///2010 Abstract Details
2010 Abstract Details2018-05-01T17:52:49+00:00

Post-Partum Headache with Bell's Palsy as Initial Presentation of Severe Pre-Eclampsia: A Case Report

Abstract Number: 250
Abstract Type: Case Report/Case Series

Derek L Foerschler D.O.1 ; Kenneth R Moran M.D.2

A twenty-nine year-old gravida 1 female presented at an estimated gestational age of 40 weeks, 5 days for induction of labor. Blood pressure (B/P) in the antepartum period ranged between 127-155 mmHg systolic and 64-87 mmHg diastolic.

A lumbar epidural was placed after starting oxytocin but initial attempt of catheter placement resulted in aspiration of blood. A second attempt resulted in successful placement without complication. Pain control diminished and the epidural catheter was eventually replaced. There was no indication with any attempt that dural puncture occurred.

On post-partum day (PPD) #1, the patient developed a headache of moderate severity (6/10). The patient localized pain to the occipital area with a marginal positional component and no photophobia or nausea. Focused neurologic evaluation provided findings within normal limits. B/P of 137/62 was noted. IV caffeine, hydration and oral analgesics were provided with resolution of symptoms. She was discharged on PPD #2.

The patient was contacted by phone on PPD# 4 by our service as routine follow-up. She described recurrence of her headache with worsening severity despite oral analgesics. It was learned at this time that she developed a left facial droop a few hours prior to discharge. She had been discharged on oral steroids with a diagnosis of Bells Palsy and a six-week follow-up was scheduled. We advised the patient to go to the ER for further evaluation of her headache.

Admission vital signs showed a BP of 189/90. A CT done for shortness of breath showed large pleural effusions. Treatment of labetalol, IV furosemide and magnesium infusion was initiated. LFT elevation was noted with development of significant proteinuria PPD#7. TTE on PPD# 5 revealed normal function with a LVEF of 45-50%. Complete resolution of headache occurred on PPD#5. Her neurologic exam showed persisting left-sided facial droop with left eyelid involvement. The patient was discharged on PPD #6 on oral labetalol with close primary follow-up.

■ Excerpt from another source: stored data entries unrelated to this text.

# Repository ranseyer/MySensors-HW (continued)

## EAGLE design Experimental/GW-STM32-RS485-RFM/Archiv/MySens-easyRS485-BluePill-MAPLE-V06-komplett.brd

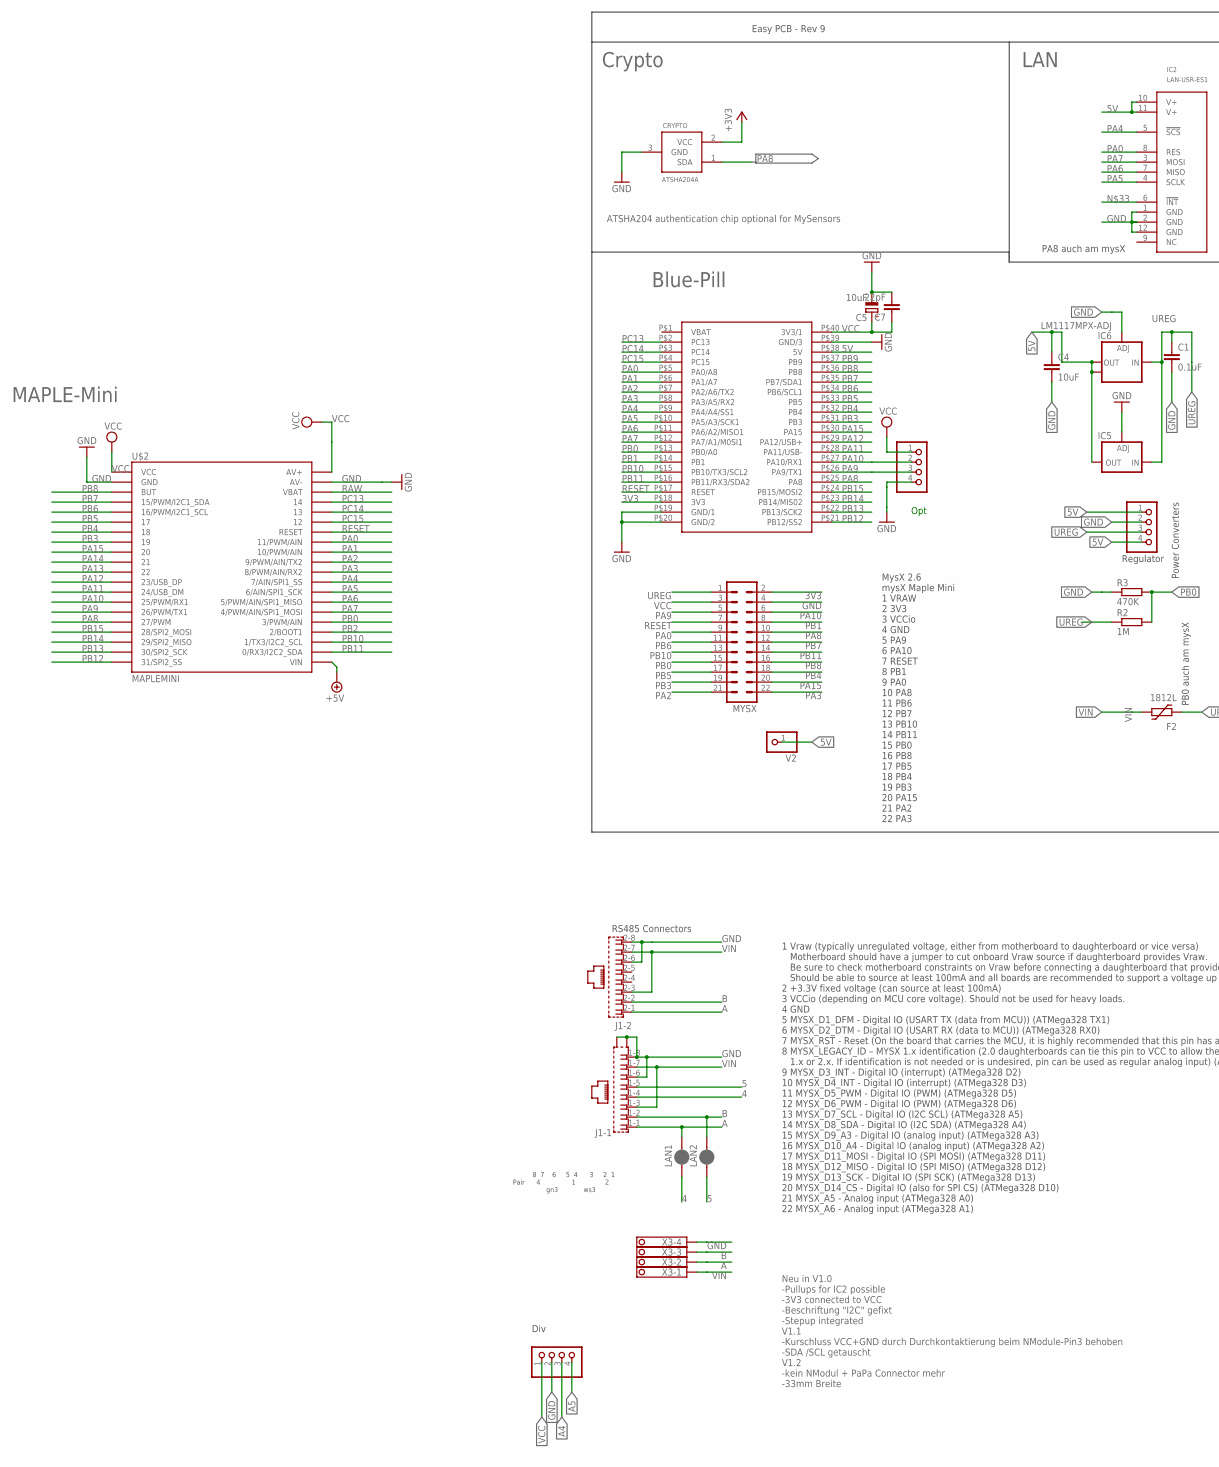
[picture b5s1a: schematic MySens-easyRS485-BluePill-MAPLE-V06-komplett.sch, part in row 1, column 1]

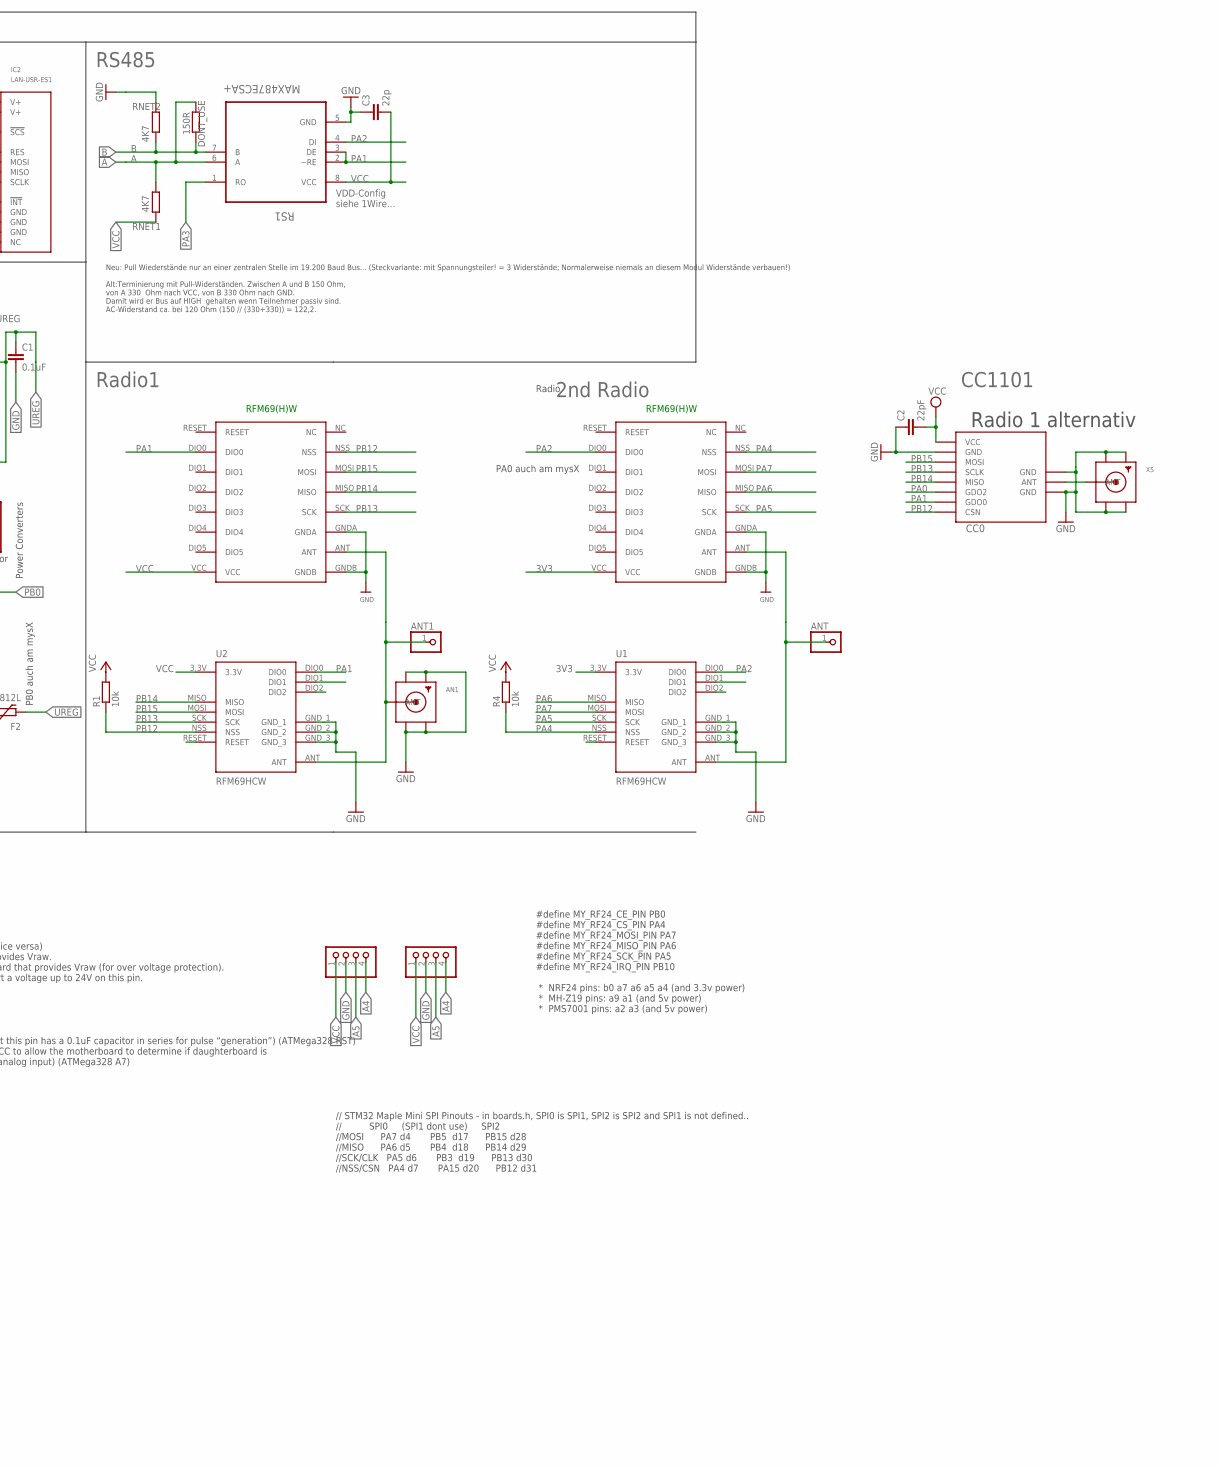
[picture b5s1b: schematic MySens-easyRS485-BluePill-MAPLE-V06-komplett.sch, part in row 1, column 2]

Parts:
AN1: SMACONNECTOR_EDGE; SMA_EDGELAUNCH
ANT, ANT1: PINHD-1X1; 1X01
BH1750: PINHD-1X04_2.54-S; 1X04-S
C1: 0.1uF; C1206
C2, C7: 22pF; C0805
C3: 22p; C0805
C4: 10uF; C1210
C5: 10uF; R/2012-12W
CC0: CC1101; CC1101_MODULE1_SMD
CRYPTO: ATSHA204A; SOT23
DBG: PINHD-1X04_2.54-S; 1X04-S
DONT_USE: 150R; R0805
F2: 1812L
I2C-1, I2C-2: PINHD-1X04_2.54-S; 1X04-S
IC2: LAN-USR-ES1; USR-ES1
IC5: LD117ADT50TR; DPACK
IC6: LM1117MPX-ADJ; SOT223
J1: RJ45_2X_NARROW_SHILDPINS_NOCASE
LAN1, LAN2: JUMPER-SMT_2_NC_PASTE_SILK; SMT-JUMPER_2_NC_PASTE_SILK
MYSX: MA11-2
R1, R4: 10k; M0805
R2: 1M; R0805
R3: 470K; R0805
RFM69W, RFM69W1: RFM69HW; RFM
RNET1, RNET2: 4K7; R0805
RS1: MAX487ECSA+; SOIC127P600X175-8N
STEPDWN: PINHD-1X04_2.54-S; 1X04-S
U1, U2: RFM69HCW; RFM69HCW-XXXS2
U$2: MAPLEMINI; 20-DIP
U$4: BLUEPILL
V2: PINHD-1X1; 1X01
X3: 1751264
X5: SMACONNECTOR_EDGE; SMA_EDGELAUNCH

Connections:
3V3: CRYPTO.2 (VCC), MYSX.2, RFM69W.VCC, U1.3.3V, U$4.P$18 (3V3)
4: J1.1-4 (4), LAN1.1
5: J1.1-5 (5), LAN2.1
5V: C4.1, IC2.10 (V+), IC2.11 (V+), IC5.4 (OUT), IC6.2 (OUT), IC6.TAB (OUT1), STEPDWN.1, STEPDWN.4, U$4.P$38 (5V), V2.1
+5V: U$2.21 (VIN)
A: DONT_USE.1, J1.1-1 (1), J1.2-1 (1), LAN1.2, RNET1.2, RS1.6 (A), X3.2
A4: BH1750.4, I2C-1.4, I2C-2.3
A5: BH1750.3, I2C-1.3, I2C-2.4
ANT0: CC0.ANT, X5.P (ANT)
ANT1: AN1.P (ANT), ANT1.1, RFM69W1.ANT, U2.ANT
ANT2: ANT.1, RFM69W.ANT, U1.ANT
B: DONT_USE.2, J1.1-2 (2), J1.2-2 (2), LAN2.2, RNET2.1, RS1.7 (B), X3.3
GND: AN1.GND@1 (GND4), AN1.GND@2 (GND3), AN1.GND@3 (GND2), AN1.GND@4 (GND1), BH1750.2, C1.2, C2.1, C3.1, C4.2, C5.-, C7.2, CC0.GND@0 (GND), CC0.GND@1 (GND), CC0.GND@2 (GND), CRYPTO.3 (GND), DBG.4, I2C-1.2, I2C-2.2, IC2.1 (GND), IC2.2 (GND), IC2.12 (GND), IC5.1 (ADJ), IC6.1 (ADJ), J1.1-6 (6), J1.1-8 (8), J1.2-6 (6), J1.2-8 (8), J1.G1 (S1), J1.G3 (S2), MYSX.4, R3.1, RFM69W.GNDA, RFM69W.GNDB, RFM69W1.GNDA, RFM69W1.GNDB, RNET2.2, RS1.5 (GND), STEPDWN.2, U1.GND_1, U1.GND_2, U1.GND_3, U2.GND_1, U2.GND_2, U2.GND_3, U$2.2 (GND), U$2.39 (AV-), U$4.P$19 (GND/1), U$4.P$20 (GND/2), U$4.P$39 (GND/3), X3.4, X5.GND@1 (GND4), X5.GND@2 (GND3), X5.GND@3 (GND2), X5.GND@4 (GND1)
PA0: CC0.GDO2, IC2.8 (RES), MYSX.9, U$2.33 (11/PWM/AIN), U$4.P$5 (PA0/A8)
PA1: CC0.GDO0, RFM69W1.DIO0, RS1.2 (~RE), RS1.3 (DE), U2.DIO0, U$2.32 (10/PWM/AIN), U$4.P$6 (PA1/A7)
PA2: MYSX.21, RFM69W.DIO0, RS1.4 (DI), U1.DIO0, U$2.31 (9/PWM/AIN/TX2), U$4.P$7 (PA2/A6/TX2)
PA3: MYSX.22, RS1.1 (RO), U$2.30 (8/PWM/AIN/RX2), U$4.P$8 (PA3/A5/RX2)
PA4: IC2.5 (!SCS!), R4.1, RFM69W.NSS, U1.NSS, U$2.29 (7/AIN/SPI1_SS), U$4.P$9 (PA4/A4/SS1)
PA5: IC2.4 (SCLK), RFM69W.SCK, U1.SCK, U$2.28 (6/AIN/SPI1_SCK), U$4.P$10 (PA5/A3/SCK1)
PA6: IC2.7 (MISO), RFM69W.MISO, U1.MISO, U$2.27 (5/PWM/AIN/SPI1_MISO), U$4.P$11 (PA6/A2/MISO1)
PA7: IC2.3 (MOSI), RFM69W.MOSI, U1.MOSI, U$2.26 (4/PWM/AIN/SPI1_MOSI), U$4.P$12 (PA7/A1/M0SI1)
PA8: CRYPTO.1 (SDA), MYSX.10, U$2.16 (27/PWM), U$4.P$25 (PA8)
PA9: DBG.3, MYSX.5, U$2.15 (26/PWM/TX1), U$4.P$26 (PA9/TX1)
PA10: DBG.2, MYSX.6, U$2.14 (25/PWM/RX1), U$4.P$27 (PA10/RX1)
PA11: U$2.13 (24/USB_DM), U$4.P$28 (PA11/USB-)
PA12: U$2.12 (23/USB_DP), U$4.P$29 (PA12/USB+)
PA13: U$2.11 (22)
PA14: U$2.10 (21)
PA15: MYSX.20, U$2.9 (20), U$4.P$30 (PA15)
PB0: MYSX.15, R2.2, R3.2, U$2.25 (3/PWM/AIN), U$4.P$13 (PB0/A0)
PB1: MYSX.8, U$4.P$14 (PB1)
PB2: U$2.24 (2/BOOT1)
PB3: MYSX.19, U$2.8 (19), U$4.P$31 (PB3)
PB4: MYSX.18, U$2.7 (18), U$4.P$32 (PB4)
PB5: MYSX.17, U$2.6 (17), U$4.P$33 (PB5)
PB6: MYSX.11, U$2.5 (16/PWM/I2C1_SCL), U$4.P$34 (PB6/SCL1)
PB7: MYSX.12, U$2.4 (15/PWM/I2C1_SDA), U$4.P$35 (PB7/SDA1)
PB8: MYSX.16, U$2.3 (BUT), U$4.P$36 (PB8)
PB9: U$4.P$37 (PB9)
PB10: MYSX.13, U$2.23 (1/TX3/I2C2_SCL), U$4.P$15 (PB10/TX3/SCL2)
PB11: MYSX.14, U$2.22 (0/RX3/I2C2_SDA), U$4.P$16 (PB11/RX3/SDA2)
PB12: CC0.CSN, R1.1, RFM69W1.NSS, U2.NSS, U$2.20 (31/SPI2_SS), U$4.P$21 (PB12/SS2)
PB13: CC0.SCLK, RFM69W1.SCK, U2.SCK, U$2.19 (30/SPI2_SCK), U$4.P$22 (PB13/SCK2)
PB14: CC0.MISO, RFM69W1.MISO, U2.MISO, U$2.18 (29/SPI2_MISO), U$4.P$23 (PB14/MIS02)
PB15: CC0.MOSI, RFM69W1.MOSI, U2.MOSI, U$2.17 (28/SPI2_MOSI), U$4.P$24 (PB15/MOSI2)
PC13: U$2.37 (14), U$4.P$2 (PC13)
PC14: U$2.36 (13), U$4.P$3 (PC14)
PC15: U$2.35 (12), U$4.P$4 (PC15)
RAW: U$2.38 (VBAT)
RESET: MYSX.7, U$2.34 (RESET), U$4.P$17 (RESET)
UREG: C1.1, F2.P$1 (1), IC5.3 (IN), IC6.3 (IN), MYSX.1, R2.1, STEPDWN.3
VCC: BH1750.1, C2.2, C3.2, C5.+, C7.1, CC0.VCC, DBG.1, I2C-1.1, I2C-2.1, MYSX.3, R1.2, R4.2, RFM69W1.VCC, RNET1.1, RS1.8 (VCC), U2.3.3V, U$2.1 (VCC), U$2.40 (AV+), U$4.P$40 (3V3/1)
VIN: F2.P$2 (2), J1.1-3 (3), J1.1-7 (7), J1.2-3 (3), J1.2-7 (7), X3.1

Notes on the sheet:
Easy PCB - Rev 9
ATSHA204 authentication chip optional for MySensors
RFM69(H)W
Radio
VDD-Config siehe 1Wire...
Neu: Pull Wiederstände nur an einer zentralen Stelle im 19.200 Baud Bus... (Steckvariante: mit Spannungsteiler! = 3 Widerstände; Normalerweise niemals an diesem Modul Widerstände verbauen!) Alt:Terminierung mit Pull-Widerständen. Zwischen A und B 150 Ohm, von A 330 Ohm nach VCC, von B 330 Ohm nach 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
Opt
Blue-Pill
// STM32 Maple Mini SPI Pinouts - in boards.h, SPI0 is SPI1, SPI2 is SPI2 and SPI1 is not defined.. // SPI0 (SPI1 dont use) SPI2 //MOSI PA7 d4 PB5 d17 PB15 d28 //MISO PA6 d5 PB4 d18 PB14 d29 //SCK/CLK PA5 d6 PB3 d19 PB13 d30 //NSS/CSN PA4 d7 PA15 d20 PB12 d31
#define MY_RF24_CE_PIN PB0 #define MY_RF24_CS_PIN PA4 #define MY_RF24_MOSI_PIN PA7 #define MY_RF24_MISO_PIN PA6 #define MY_RF24_SCK_PIN PA5 #define MY_RF24_IRQ_PIN PB10 * NRF24 pins: b0 a7 a6 a5 a4 (and 3.3v power) * MH-Z19 pins: a9 a1 (and 5v power) * PMS7001 pins: a2 a3 (and 5v power)
Power Converters
Regulator
Div
Neu in V1.0 -Pullups for IC2 possible -3V3 connected to VCC -Beschriftung "I2C" gefixt -Stepup integrated V1.1 -Kurschluss VCC+GND durch Durchkontaktierung beim NModule-Pin3 behoben -SDA /SCL getauscht V1.2 -kein NModul + PaPa Connector mehr -33mm Breite
8 7 6 5 4 3 2 1 Pair 4 1 2 gn3 ws3
RS485 Connectors
1 Vraw (typically unregulated voltage, either from motherboard to daughterboard or vice versa) Motherboard should have a jumper to cut onboard Vraw source if daughterboard provides Vraw. Be sure to check motherboard constraints on Vraw before connecting a daughterboard that provides Vraw (for over 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
MysX 2.6 mysX Maple Mini 1 VRAW 2 3V3 3 VCCio 4 GND 5 PA9 6 PA10 7 RESET 8 PB1 9 PA0 10 PA8 11 PB6 12 PB7 13 PB10 14 PB11 15 PB0 16 PB8 17 PB5 18 PB4 19 PB3 20 PA15 21 PA2 22 PA3
PA0 auch am mysX
PB0 auch am mysX
PA8 auch am mysX
Radio1
2nd Radio
LAN
RS485
Crypto
Radio 1 alternativ
CC1101
MAPLE-Mini

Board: 2 copper layers, 41 parts (18 on the bottom side), 47 nets, no tracks yet.

This case illustrates the complexities of the evaluation of post-partum headache. Several potential sources of headache in post-partum women exist. Indeed, an item of primary concern by the anesthesia provider is an associated dural puncture, but the differential cannot stop there. Pre-eclampsia must be considered in postpartum headache evaluation. Stella et al., showed headaches that began >24 hours after delivery to be associated with pre-eclampsia in 24%, only16% of those studied had spinal headaches.

Our patients presentation of headache and Bells Palsy may have been an early neurological sign of impending severe post partum pre-eclampsia. The diagnosis of postdural puncture headache is an important aspect of our postpartum evaluation, however, the concern for postdural puncture headache should not preclude vigilant evaluation and monitoring for the presence of postpartum pre-eclampsia.